OVD models acquire a much larger vocabulary by learning from low-cost image-caption pairs, this makes it well adapted to detection in the open-world where novel unseen classes can arrive any time compared to other object detection methods like. It is also very adapted to anomaly detection, since these models are pre-trained with a large amount of data, they offer superior robustness and can be better transferred to real life applications [^3].
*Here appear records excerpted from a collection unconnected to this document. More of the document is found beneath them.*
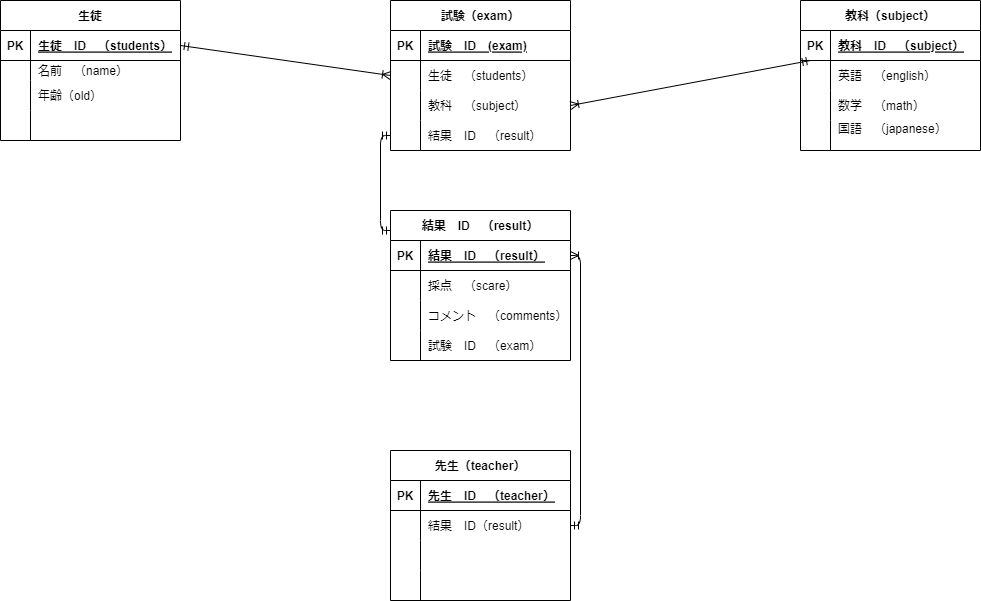

The diagram above was exported from draw.io. Its source (the exported page's mxGraphModel, read from the mxfile embedded in the PNG):
<mxGraphModel dx="1936" dy="757" grid="1" gridSize="10" guides="1" tooltips="1" connect="1" arrows="1" fold="1" page="1" pageScale="1" pageWidth="827" pageHeight="1169" background="none" math="0" shadow="0">
  <root>
    <mxCell id="0" />
    <mxCell id="1" parent="0" />
    <mxCell id="145" value="生徒" style="shape=table;startSize=30;container=1;collapsible=1;childLayout=tableLayout;fixedRows=1;rowLines=0;fontStyle=1;align=center;resizeLast=1;" parent="1" vertex="1">
      <mxGeometry x="-320" y="60" width="180" height="140" as="geometry" />
    </mxCell>
    <mxCell id="146" value="" style="shape=tableRow;horizontal=0;startSize=0;swimlaneHead=0;swimlaneBody=0;fillColor=none;collapsible=0;dropTarget=0;points=[[0,0.5],[1,0.5]];portConstraint=eastwest;top=0;left=0;right=0;bottom=1;" parent="145" vertex="1">
      <mxGeometry y="30" width="180" height="30" as="geometry" />
    </mxCell>
    <mxCell id="147" value="PK" style="shape=partialRectangle;connectable=0;fillColor=none;top=0;left=0;bottom=0;right=0;fontStyle=1;overflow=hidden;" parent="146" vertex="1">
      <mxGeometry width="30" height="30" as="geometry">
        <mxRectangle width="30" height="30" as="alternateBounds" />
      </mxGeometry>
    </mxCell>
    <mxCell id="148" value="生徒　ID　（students）" style="shape=partialRectangle;connectable=0;fillColor=none;top=0;left=0;bottom=0;right=0;align=left;spacingLeft=6;fontStyle=5;overflow=hidden;" parent="146" vertex="1">
      <mxGeometry x="30" width="150" height="30" as="geometry">
        <mxRectangle width="150" height="30" as="alternateBounds" />
      </mxGeometry>
    </mxCell>
    <mxCell id="149" value="" style="shape=tableRow;horizontal=0;startSize=0;swimlaneHead=0;swimlaneBody=0;fillColor=none;collapsible=0;dropTarget=0;points=[[0,0.5],[1,0.5]];portConstraint=eastwest;top=0;left=0;right=0;bottom=0;" parent="145" vertex="1">
      <mxGeometry y="60" width="180" height="20" as="geometry" />
    </mxCell>
    <mxCell id="150" value="" style="shape=partialRectangle;connectable=0;fillColor=none;top=0;left=0;bottom=0;right=0;editable=1;overflow=hidden;" parent="149" vertex="1">
      <mxGeometry width="30" height="20" as="geometry">
        <mxRectangle width="30" height="20" as="alternateBounds" />
      </mxGeometry>
    </mxCell>
    <mxCell id="151" value="名前　（name）" style="shape=partialRectangle;connectable=0;fillColor=none;top=0;left=0;bottom=0;right=0;align=left;spacingLeft=6;overflow=hidden;" parent="149" vertex="1">
      <mxGeometry x="30" width="150" height="20" as="geometry">
        <mxRectangle width="150" height="20" as="alternateBounds" />
      </mxGeometry>
    </mxCell>
    <mxCell id="152" value="" style="shape=tableRow;horizontal=0;startSize=0;swimlaneHead=0;swimlaneBody=0;fillColor=none;collapsible=0;dropTarget=0;points=[[0,0.5],[1,0.5]];portConstraint=eastwest;top=0;left=0;right=0;bottom=0;" parent="145" vertex="1">
      <mxGeometry y="80" width="180" height="30" as="geometry" />
    </mxCell>
    <mxCell id="153" value="" style="shape=partialRectangle;connectable=0;fillColor=none;top=0;left=0;bottom=0;right=0;editable=1;overflow=hidden;" parent="152" vertex="1">
      <mxGeometry width="30" height="30" as="geometry">
        <mxRectangle width="30" height="30" as="alternateBounds" />
      </mxGeometry>
    </mxCell>
    <mxCell id="154" value="年齢（old）" style="shape=partialRectangle;connectable=0;fillColor=none;top=0;left=0;bottom=0;right=0;align=left;spacingLeft=6;overflow=hidden;" parent="152" vertex="1">
      <mxGeometry x="30" width="150" height="30" as="geometry">
        <mxRectangle width="150" height="30" as="alternateBounds" />
      </mxGeometry>
    </mxCell>
    <mxCell id="155" value="" style="shape=tableRow;horizontal=0;startSize=0;swimlaneHead=0;swimlaneBody=0;fillColor=none;collapsible=0;dropTarget=0;points=[[0,0.5],[1,0.5]];portConstraint=eastwest;top=0;left=0;right=0;bottom=0;" parent="145" vertex="1">
      <mxGeometry y="110" width="180" height="30" as="geometry" />
    </mxCell>
    <mxCell id="156" value="" style="shape=partialRectangle;connectable=0;fillColor=none;top=0;left=0;bottom=0;right=0;editable=1;overflow=hidden;" parent="155" vertex="1">
      <mxGeometry width="30" height="30" as="geometry">
        <mxRectangle width="30" height="30" as="alternateBounds" />
      </mxGeometry>
    </mxCell>
    <mxCell id="157" value="" style="shape=partialRectangle;connectable=0;fillColor=none;top=0;left=0;bottom=0;right=0;align=left;spacingLeft=6;overflow=hidden;" parent="155" vertex="1">
      <mxGeometry x="30" width="150" height="30" as="geometry">
        <mxRectangle width="150" height="30" as="alternateBounds" />
      </mxGeometry>
    </mxCell>
    <mxCell id="246" value="教科（subject）" style="shape=table;startSize=30;container=1;collapsible=1;childLayout=tableLayout;fixedRows=1;rowLines=0;fontStyle=1;align=center;resizeLast=1;" vertex="1" parent="1">
      <mxGeometry x="480" y="60" width="180" height="150" as="geometry" />
    </mxCell>
    <mxCell id="247" value="" style="shape=tableRow;horizontal=0;startSize=0;swimlaneHead=0;swimlaneBody=0;fillColor=none;collapsible=0;dropTarget=0;points=[[0,0.5],[1,0.5]];portConstraint=eastwest;top=0;left=0;right=0;bottom=1;" vertex="1" parent="246">
      <mxGeometry y="30" width="180" height="30" as="geometry" />
    </mxCell>
    <mxCell id="248" value="PK" style="shape=partialRectangle;connectable=0;fillColor=none;top=0;left=0;bottom=0;right=0;fontStyle=1;overflow=hidden;" vertex="1" parent="247">
      <mxGeometry width="30" height="30" as="geometry">
        <mxRectangle width="30" height="30" as="alternateBounds" />
      </mxGeometry>
    </mxCell>
    <mxCell id="249" value="教科　ID　（subject）" style="shape=partialRectangle;connectable=0;fillColor=none;top=0;left=0;bottom=0;right=0;align=left;spacingLeft=6;fontStyle=5;overflow=hidden;" vertex="1" parent="247">
      <mxGeometry x="30" width="150" height="30" as="geometry">
        <mxRectangle width="150" height="30" as="alternateBounds" />
      </mxGeometry>
    </mxCell>
    <mxCell id="250" value="" style="shape=tableRow;horizontal=0;startSize=0;swimlaneHead=0;swimlaneBody=0;fillColor=none;collapsible=0;dropTarget=0;points=[[0,0.5],[1,0.5]];portConstraint=eastwest;top=0;left=0;right=0;bottom=0;" vertex="1" parent="246">
      <mxGeometry y="60" width="180" height="30" as="geometry" />
    </mxCell>
    <mxCell id="251" value="" style="shape=partialRectangle;connectable=0;fillColor=none;top=0;left=0;bottom=0;right=0;editable=1;overflow=hidden;" vertex="1" parent="250">
      <mxGeometry width="30" height="30" as="geometry">
        <mxRectangle width="30" height="30" as="alternateBounds" />
      </mxGeometry>
    </mxCell>
    <mxCell id="252" value="英語　（english）" style="shape=partialRectangle;connectable=0;fillColor=none;top=0;left=0;bottom=0;right=0;align=left;spacingLeft=6;overflow=hidden;" vertex="1" parent="250">
      <mxGeometry x="30" width="150" height="30" as="geometry">
        <mxRectangle width="150" height="30" as="alternateBounds" />
      </mxGeometry>
    </mxCell>
    <mxCell id="253" value="" style="shape=tableRow;horizontal=0;startSize=0;swimlaneHead=0;swimlaneBody=0;fillColor=none;collapsible=0;dropTarget=0;points=[[0,0.5],[1,0.5]];portConstraint=eastwest;top=0;left=0;right=0;bottom=0;" vertex="1" parent="246">
      <mxGeometry y="90" width="180" height="30" as="geometry" />
    </mxCell>
    <mxCell id="254" value="" style="shape=partialRectangle;connectable=0;fillColor=none;top=0;left=0;bottom=0;right=0;editable=1;overflow=hidden;" vertex="1" parent="253">
      <mxGeometry width="30" height="30" as="geometry">
        <mxRectangle width="30" height="30" as="alternateBounds" />
      </mxGeometry>
    </mxCell>
    <mxCell id="255" value="数学　（math）" style="shape=partialRectangle;connectable=0;fillColor=none;top=0;left=0;bottom=0;right=0;align=left;spacingLeft=6;overflow=hidden;" vertex="1" parent="253">
      <mxGeometry x="30" width="150" height="30" as="geometry">
        <mxRectangle width="150" height="30" as="alternateBounds" />
      </mxGeometry>
    </mxCell>
    <mxCell id="256" value="" style="shape=tableRow;horizontal=0;startSize=0;swimlaneHead=0;swimlaneBody=0;fillColor=none;collapsible=0;dropTarget=0;points=[[0,0.5],[1,0.5]];portConstraint=eastwest;top=0;left=0;right=0;bottom=0;" vertex="1" parent="246">
      <mxGeometry y="120" width="180" height="30" as="geometry" />
    </mxCell>
    <mxCell id="257" value="" style="shape=partialRectangle;connectable=0;fillColor=none;top=0;left=0;bottom=0;right=0;editable=1;overflow=hidden;" vertex="1" parent="256">
      <mxGeometry width="30" height="30" as="geometry">
        <mxRectangle width="30" height="30" as="alternateBounds" />
      </mxGeometry>
    </mxCell>
    <mxCell id="258" value="国語　（japanese）&#10;" style="shape=partialRectangle;connectable=0;fillColor=none;top=0;left=0;bottom=0;right=0;align=left;spacingLeft=6;overflow=hidden;" vertex="1" parent="256">
      <mxGeometry x="30" width="150" height="30" as="geometry">
        <mxRectangle width="150" height="30" as="alternateBounds" />
      </mxGeometry>
    </mxCell>
    <mxCell id="259" value="試験（exam）" style="shape=table;startSize=30;container=1;collapsible=1;childLayout=tableLayout;fixedRows=1;rowLines=0;fontStyle=1;align=center;resizeLast=1;" vertex="1" parent="1">
      <mxGeometry x="70" y="60" width="180" height="150" as="geometry" />
    </mxCell>
    <mxCell id="260" value="" style="shape=tableRow;horizontal=0;startSize=0;swimlaneHead=0;swimlaneBody=0;fillColor=none;collapsible=0;dropTarget=0;points=[[0,0.5],[1,0.5]];portConstraint=eastwest;top=0;left=0;right=0;bottom=1;" vertex="1" parent="259">
      <mxGeometry y="30" width="180" height="30" as="geometry" />
    </mxCell>
    <mxCell id="261" value="PK" style="shape=partialRectangle;connectable=0;fillColor=none;top=0;left=0;bottom=0;right=0;fontStyle=1;overflow=hidden;" vertex="1" parent="260">
      <mxGeometry width="30" height="30" as="geometry">
        <mxRectangle width="30" height="30" as="alternateBounds" />
      </mxGeometry>
    </mxCell>
    <mxCell id="262" value="試験　ID　(exam)" style="shape=partialRectangle;connectable=0;fillColor=none;top=0;left=0;bottom=0;right=0;align=left;spacingLeft=6;fontStyle=5;overflow=hidden;" vertex="1" parent="260">
      <mxGeometry x="30" width="150" height="30" as="geometry">
        <mxRectangle width="150" height="30" as="alternateBounds" />
      </mxGeometry>
    </mxCell>
    <mxCell id="263" value="" style="shape=tableRow;horizontal=0;startSize=0;swimlaneHead=0;swimlaneBody=0;fillColor=none;collapsible=0;dropTarget=0;points=[[0,0.5],[1,0.5]];portConstraint=eastwest;top=0;left=0;right=0;bottom=0;" vertex="1" parent="259">
      <mxGeometry y="60" width="180" height="30" as="geometry" />
    </mxCell>
    <mxCell id="264" value="" style="shape=partialRectangle;connectable=0;fillColor=none;top=0;left=0;bottom=0;right=0;editable=1;overflow=hidden;" vertex="1" parent="263">
      <mxGeometry width="30" height="30" as="geometry">
        <mxRectangle width="30" height="30" as="alternateBounds" />
      </mxGeometry>
    </mxCell>
    <mxCell id="265" value="生徒　（students）" style="shape=partialRectangle;connectable=0;fillColor=none;top=0;left=0;bottom=0;right=0;align=left;spacingLeft=6;overflow=hidden;" vertex="1" parent="263">
      <mxGeometry x="30" width="150" height="30" as="geometry">
        <mxRectangle width="150" height="30" as="alternateBounds" />
      </mxGeometry>
    </mxCell>
    <mxCell id="266" value="" style="shape=tableRow;horizontal=0;startSize=0;swimlaneHead=0;swimlaneBody=0;fillColor=none;collapsible=0;dropTarget=0;points=[[0,0.5],[1,0.5]];portConstraint=eastwest;top=0;left=0;right=0;bottom=0;" vertex="1" parent="259">
      <mxGeometry y="90" width="180" height="30" as="geometry" />
    </mxCell>
    <mxCell id="267" value="" style="shape=partialRectangle;connectable=0;fillColor=none;top=0;left=0;bottom=0;right=0;editable=1;overflow=hidden;" vertex="1" parent="266">
      <mxGeometry width="30" height="30" as="geometry">
        <mxRectangle width="30" height="30" as="alternateBounds" />
      </mxGeometry>
    </mxCell>
    <mxCell id="268" value="教科　（subject）" style="shape=partialRectangle;connectable=0;fillColor=none;top=0;left=0;bottom=0;right=0;align=left;spacingLeft=6;overflow=hidden;" vertex="1" parent="266">
      <mxGeometry x="30" width="150" height="30" as="geometry">
        <mxRectangle width="150" height="30" as="alternateBounds" />
      </mxGeometry>
    </mxCell>
    <mxCell id="269" value="" style="shape=tableRow;horizontal=0;startSize=0;swimlaneHead=0;swimlaneBody=0;fillColor=none;collapsible=0;dropTarget=0;points=[[0,0.5],[1,0.5]];portConstraint=eastwest;top=0;left=0;right=0;bottom=0;" vertex="1" parent="259">
      <mxGeometry y="120" width="180" height="30" as="geometry" />
    </mxCell>
    <mxCell id="270" value="" style="shape=partialRectangle;connectable=0;fillColor=none;top=0;left=0;bottom=0;right=0;editable=1;overflow=hidden;" vertex="1" parent="269">
      <mxGeometry width="30" height="30" as="geometry">
        <mxRectangle width="30" height="30" as="alternateBounds" />
      </mxGeometry>
    </mxCell>
    <mxCell id="271" value="結果　ID　（result）" style="shape=partialRectangle;connectable=0;fillColor=none;top=0;left=0;bottom=0;right=0;align=left;spacingLeft=6;overflow=hidden;" vertex="1" parent="269">
      <mxGeometry x="30" width="150" height="30" as="geometry">
        <mxRectangle width="150" height="30" as="alternateBounds" />
      </mxGeometry>
    </mxCell>
    <mxCell id="273" value="" style="fontSize=12;html=1;endArrow=ERoneToMany;startArrow=ERmandOne;exitX=1;exitY=0.5;exitDx=0;exitDy=0;entryX=0;entryY=0.5;entryDx=0;entryDy=0;" edge="1" parent="1" source="146" target="263">
      <mxGeometry width="100" height="100" relative="1" as="geometry">
        <mxPoint x="-110" y="140" as="sourcePoint" />
        <mxPoint x="70" y="135" as="targetPoint" />
      </mxGeometry>
    </mxCell>
    <mxCell id="275" value="結果　ID　（result）" style="shape=table;startSize=30;container=1;collapsible=1;childLayout=tableLayout;fixedRows=1;rowLines=0;fontStyle=1;align=center;resizeLast=1;" vertex="1" parent="1">
      <mxGeometry x="70" y="270" width="180" height="150" as="geometry" />
    </mxCell>
    <mxCell id="276" value="" style="shape=tableRow;horizontal=0;startSize=0;swimlaneHead=0;swimlaneBody=0;fillColor=none;collapsible=0;dropTarget=0;points=[[0,0.5],[1,0.5]];portConstraint=eastwest;top=0;left=0;right=0;bottom=1;" vertex="1" parent="275">
      <mxGeometry y="30" width="180" height="30" as="geometry" />
    </mxCell>
    <mxCell id="277" value="PK" style="shape=partialRectangle;connectable=0;fillColor=none;top=0;left=0;bottom=0;right=0;fontStyle=1;overflow=hidden;" vertex="1" parent="276">
      <mxGeometry width="30" height="30" as="geometry">
        <mxRectangle width="30" height="30" as="alternateBounds" />
      </mxGeometry>
    </mxCell>
    <mxCell id="278" value="結果　ID　（result）" style="shape=partialRectangle;connectable=0;fillColor=none;top=0;left=0;bottom=0;right=0;align=left;spacingLeft=6;fontStyle=5;overflow=hidden;" vertex="1" parent="276">
      <mxGeometry x="30" width="150" height="30" as="geometry">
        <mxRectangle width="150" height="30" as="alternateBounds" />
      </mxGeometry>
    </mxCell>
    <mxCell id="279" value="" style="shape=tableRow;horizontal=0;startSize=0;swimlaneHead=0;swimlaneBody=0;fillColor=none;collapsible=0;dropTarget=0;points=[[0,0.5],[1,0.5]];portConstraint=eastwest;top=0;left=0;right=0;bottom=0;" vertex="1" parent="275">
      <mxGeometry y="60" width="180" height="30" as="geometry" />
    </mxCell>
    <mxCell id="280" value="" style="shape=partialRectangle;connectable=0;fillColor=none;top=0;left=0;bottom=0;right=0;editable=1;overflow=hidden;" vertex="1" parent="279">
      <mxGeometry width="30" height="30" as="geometry">
        <mxRectangle width="30" height="30" as="alternateBounds" />
      </mxGeometry>
    </mxCell>
    <mxCell id="281" value="採点　（scare）" style="shape=partialRectangle;connectable=0;fillColor=none;top=0;left=0;bottom=0;right=0;align=left;spacingLeft=6;overflow=hidden;" vertex="1" parent="279">
      <mxGeometry x="30" width="150" height="30" as="geometry">
        <mxRectangle width="150" height="30" as="alternateBounds" />
      </mxGeometry>
    </mxCell>
    <mxCell id="282" value="" style="shape=tableRow;horizontal=0;startSize=0;swimlaneHead=0;swimlaneBody=0;fillColor=none;collapsible=0;dropTarget=0;points=[[0,0.5],[1,0.5]];portConstraint=eastwest;top=0;left=0;right=0;bottom=0;" vertex="1" parent="275">
      <mxGeometry y="90" width="180" height="30" as="geometry" />
    </mxCell>
    <mxCell id="283" value="" style="shape=partialRectangle;connectable=0;fillColor=none;top=0;left=0;bottom=0;right=0;editable=1;overflow=hidden;" vertex="1" parent="282">
      <mxGeometry width="30" height="30" as="geometry">
        <mxRectangle width="30" height="30" as="alternateBounds" />
      </mxGeometry>
    </mxCell>
    <mxCell id="284" value="コメント　（comments）" style="shape=partialRectangle;connectable=0;fillColor=none;top=0;left=0;bottom=0;right=0;align=left;spacingLeft=6;overflow=hidden;" vertex="1" parent="282">
      <mxGeometry x="30" width="150" height="30" as="geometry">
        <mxRectangle width="150" height="30" as="alternateBounds" />
      </mxGeometry>
    </mxCell>
    <mxCell id="285" value="" style="shape=tableRow;horizontal=0;startSize=0;swimlaneHead=0;swimlaneBody=0;fillColor=none;collapsible=0;dropTarget=0;points=[[0,0.5],[1,0.5]];portConstraint=eastwest;top=0;left=0;right=0;bottom=0;" vertex="1" parent="275">
      <mxGeometry y="120" width="180" height="30" as="geometry" />
    </mxCell>
    <mxCell id="286" value="" style="shape=partialRectangle;connectable=0;fillColor=none;top=0;left=0;bottom=0;right=0;editable=1;overflow=hidden;" vertex="1" parent="285">
      <mxGeometry width="30" height="30" as="geometry">
        <mxRectangle width="30" height="30" as="alternateBounds" />
      </mxGeometry>
    </mxCell>
    <mxCell id="287" value="試験　ID　（exam）" style="shape=partialRectangle;connectable=0;fillColor=none;top=0;left=0;bottom=0;right=0;align=left;spacingLeft=6;overflow=hidden;" vertex="1" parent="285">
      <mxGeometry x="30" width="150" height="30" as="geometry">
        <mxRectangle width="150" height="30" as="alternateBounds" />
      </mxGeometry>
    </mxCell>
    <mxCell id="288" value="先生（teacher）" style="shape=table;startSize=30;container=1;collapsible=1;childLayout=tableLayout;fixedRows=1;rowLines=0;fontStyle=1;align=center;resizeLast=1;" vertex="1" parent="1">
      <mxGeometry x="70" y="510" width="180" height="150" as="geometry" />
    </mxCell>
    <mxCell id="289" value="" style="shape=tableRow;horizontal=0;startSize=0;swimlaneHead=0;swimlaneBody=0;fillColor=none;collapsible=0;dropTarget=0;points=[[0,0.5],[1,0.5]];portConstraint=eastwest;top=0;left=0;right=0;bottom=1;" vertex="1" parent="288">
      <mxGeometry y="30" width="180" height="30" as="geometry" />
    </mxCell>
    <mxCell id="290" value="PK" style="shape=partialRectangle;connectable=0;fillColor=none;top=0;left=0;bottom=0;right=0;fontStyle=1;overflow=hidden;" vertex="1" parent="289">
      <mxGeometry width="30" height="30" as="geometry">
        <mxRectangle width="30" height="30" as="alternateBounds" />
      </mxGeometry>
    </mxCell>
    <mxCell id="291" value="先生　ID　（teacher）" style="shape=partialRectangle;connectable=0;fillColor=none;top=0;left=0;bottom=0;right=0;align=left;spacingLeft=6;fontStyle=5;overflow=hidden;" vertex="1" parent="289">
      <mxGeometry x="30" width="150" height="30" as="geometry">
        <mxRectangle width="150" height="30" as="alternateBounds" />
      </mxGeometry>
    </mxCell>
    <mxCell id="292" value="" style="shape=tableRow;horizontal=0;startSize=0;swimlaneHead=0;swimlaneBody=0;fillColor=none;collapsible=0;dropTarget=0;points=[[0,0.5],[1,0.5]];portConstraint=eastwest;top=0;left=0;right=0;bottom=0;" vertex="1" parent="288">
      <mxGeometry y="60" width="180" height="30" as="geometry" />
    </mxCell>
    <mxCell id="293" value="" style="shape=partialRectangle;connectable=0;fillColor=none;top=0;left=0;bottom=0;right=0;editable=1;overflow=hidden;" vertex="1" parent="292">
      <mxGeometry width="30" height="30" as="geometry">
        <mxRectangle width="30" height="30" as="alternateBounds" />
      </mxGeometry>
    </mxCell>
    <mxCell id="294" value="結果　ID（result）" style="shape=partialRectangle;connectable=0;fillColor=none;top=0;left=0;bottom=0;right=0;align=left;spacingLeft=6;overflow=hidden;" vertex="1" parent="292">
      <mxGeometry x="30" width="150" height="30" as="geometry">
        <mxRectangle width="150" height="30" as="alternateBounds" />
      </mxGeometry>
    </mxCell>
    <mxCell id="295" value="" style="shape=tableRow;horizontal=0;startSize=0;swimlaneHead=0;swimlaneBody=0;fillColor=none;collapsible=0;dropTarget=0;points=[[0,0.5],[1,0.5]];portConstraint=eastwest;top=0;left=0;right=0;bottom=0;" vertex="1" parent="288">
      <mxGeometry y="90" width="180" height="30" as="geometry" />
    </mxCell>
    <mxCell id="296" value="" style="shape=partialRectangle;connectable=0;fillColor=none;top=0;left=0;bottom=0;right=0;editable=1;overflow=hidden;" vertex="1" parent="295">
      <mxGeometry width="30" height="30" as="geometry">
        <mxRectangle width="30" height="30" as="alternateBounds" />
      </mxGeometry>
    </mxCell>
    <mxCell id="297" value="" style="shape=partialRectangle;connectable=0;fillColor=none;top=0;left=0;bottom=0;right=0;align=left;spacingLeft=6;overflow=hidden;" vertex="1" parent="295">
      <mxGeometry x="30" width="150" height="30" as="geometry">
        <mxRectangle width="150" height="30" as="alternateBounds" />
      </mxGeometry>
    </mxCell>
    <mxCell id="298" value="" style="shape=tableRow;horizontal=0;startSize=0;swimlaneHead=0;swimlaneBody=0;fillColor=none;collapsible=0;dropTarget=0;points=[[0,0.5],[1,0.5]];portConstraint=eastwest;top=0;left=0;right=0;bottom=0;" vertex="1" parent="288">
      <mxGeometry y="120" width="180" height="30" as="geometry" />
    </mxCell>
    <mxCell id="299" value="" style="shape=partialRectangle;connectable=0;fillColor=none;top=0;left=0;bottom=0;right=0;editable=1;overflow=hidden;" vertex="1" parent="298">
      <mxGeometry width="30" height="30" as="geometry">
        <mxRectangle width="30" height="30" as="alternateBounds" />
      </mxGeometry>
    </mxCell>
    <mxCell id="300" value="" style="shape=partialRectangle;connectable=0;fillColor=none;top=0;left=0;bottom=0;right=0;align=left;spacingLeft=6;overflow=hidden;" vertex="1" parent="298">
      <mxGeometry x="30" width="150" height="30" as="geometry">
        <mxRectangle width="150" height="30" as="alternateBounds" />
      </mxGeometry>
    </mxCell>
    <mxCell id="274" value="" style="fontSize=12;html=1;endArrow=ERoneToMany;startArrow=ERmandOne;entryX=1;entryY=0.5;entryDx=0;entryDy=0;" edge="1" parent="1" source="247" target="266">
      <mxGeometry width="100" height="100" relative="1" as="geometry">
        <mxPoint x="400" y="110" as="sourcePoint" />
        <mxPoint x="420" y="50" as="targetPoint" />
      </mxGeometry>
    </mxCell>
    <mxCell id="316" value="" style="fontSize=12;html=1;endArrow=ERoneToMany;startArrow=ERmandOne;exitX=1;exitY=0.5;exitDx=0;exitDy=0;entryX=1;entryY=0.5;entryDx=0;entryDy=0;edgeStyle=orthogonalEdgeStyle;" edge="1" parent="1" source="292" target="276">
      <mxGeometry width="100" height="100" relative="1" as="geometry">
        <mxPoint x="360" y="440" as="sourcePoint" />
        <mxPoint x="370" y="310" as="targetPoint" />
      </mxGeometry>
    </mxCell>
    <mxCell id="318" value="" style="fontSize=12;html=1;endArrow=ERmandOne;startArrow=ERmandOne;entryX=0;entryY=0.5;entryDx=0;entryDy=0;exitX=0;exitY=0.133;exitDx=0;exitDy=0;edgeStyle=orthogonalEdgeStyle;exitPerimeter=0;" edge="1" parent="1" source="275" target="269">
      <mxGeometry width="100" height="100" relative="1" as="geometry">
        <mxPoint x="110" y="300" as="sourcePoint" />
        <mxPoint x="210" y="200" as="targetPoint" />
      </mxGeometry>
    </mxCell>
  </root>
</mxGraphModel>

New approaches are being studied everyday, each with its drawbacks and advantages. One can pre-train a model on a large image-caption dataset and use it as the backbone of a detector taking advantage of the dense feature obtained during the pre-training, which benefits Out-Of-Distribution detection (i.e. F-VLM), or to directly pre-train it on the grounding task (like RegionCLIP). It is possible to apply either transformers-based (i.e. OWL-ViT) or CNN-based architectures. The backbone can also be fine-tuned for object detection (i.e. UniDetector) which increases performance for In-Distribution classes but can distort the features for Out-of-Distribution detection. Also training the detector in two stage can be a good alternative to decouple the problem into a localization and a classification one, approaching it from two fronts.

Conclusion

Overall Open-Vobulary Detection models offers a very good use of pre-trained multi-modal models that are becoming increasingly potent and available online for free. They offer superior generalization than uni-modal image models because they learn deeper meaning and context from text. They can be used for text to image search, object recognition, anomaly detection and visual grounding.

This approach is very recent and it was the subject of my master thesis at ENSTA Paris, so if you want a more indepth look at this very exciting new field of computer vision I propose you to check my master thesis report.

[^1]: Goldman, Sharon (13 September 2022). "Foundation models: 2022's AI paradigm shift". VentureBeat.

[^2]: Alec Radford, Jong Wook Kim, Chris Hallacy, Aditya Ramesh, Gabriel Goh, Sandhini Agarwal, Girish Sastry, Amanda Askell, Pamela Mishkin, Jack Clark, Gretchen Krueger, and Ilya Sutskever. Learning Transferable Visual Models From Natural Language Supervision, February 2021. URL http://arxiv.org/abs/2103.00020. arXiv:2103.00020 [cs].

[^3] Stanislav Fort, Jie Ren, and Balaji Lakshminarayanan. Exploring the Limits of Out- of-Distribution Detection, July 2021. URL http://arxiv.org/abs/2106.03004. arXiv:2106.03004 [cs].

[^4] Yiwu Zhong, Jianwei Yang, Pengchuan Zhang, Chunyuan Li, Noel Codella, Liunian Harold Li, Luowei Zhou, Xiyang Dai, Lu Yuan, Yin Li, and Jianfeng Gao. RegionCLIP: Region-based Language-Image Pretraining, December 2021. URL http://arxiv.org/abs/2112.09106. arXiv:2112.09106.

[^5] Weicheng Kuo, Yin Cui, Xiuye Gu, AJ Piergiovanni, and Anelia Angelova. F-VLM: OPEN-VOCABULARY OBJECT DETECTION UPON FROZEN VISION AND LANGUAGE MODELS. 2023.

[^6] Matthias Minderer, Alexey Gritsenko, Austin Stone, Maxim Neumann, Dirk Weis- senborn, Alexey Dosovitskiy, Aravindh Mahendran, Anurag Arnab, Mostafa Dehghani, Zhuoran Shen, Xiao Wang, Xiaohua Zhai, Thomas Kipf, and Neil Houlsby. Simple Open-Vocabulary Object Detection with Vision Transformers.

[^7] Zhenyu Wang, Yali Li, Xi Chen, Ser-Nam Lim, Antonio Torralba, Hengshuang Zhao, and Shengjin Wang. Detecting Everything in the Open World: Towards Universal Object Detection, March 2023. URL http://arxiv.org/abs/2303.11749. arXiv:2303.11749

[^8] Pietro TANURE. Anomaly Detection through Vision-Language Models, 2023.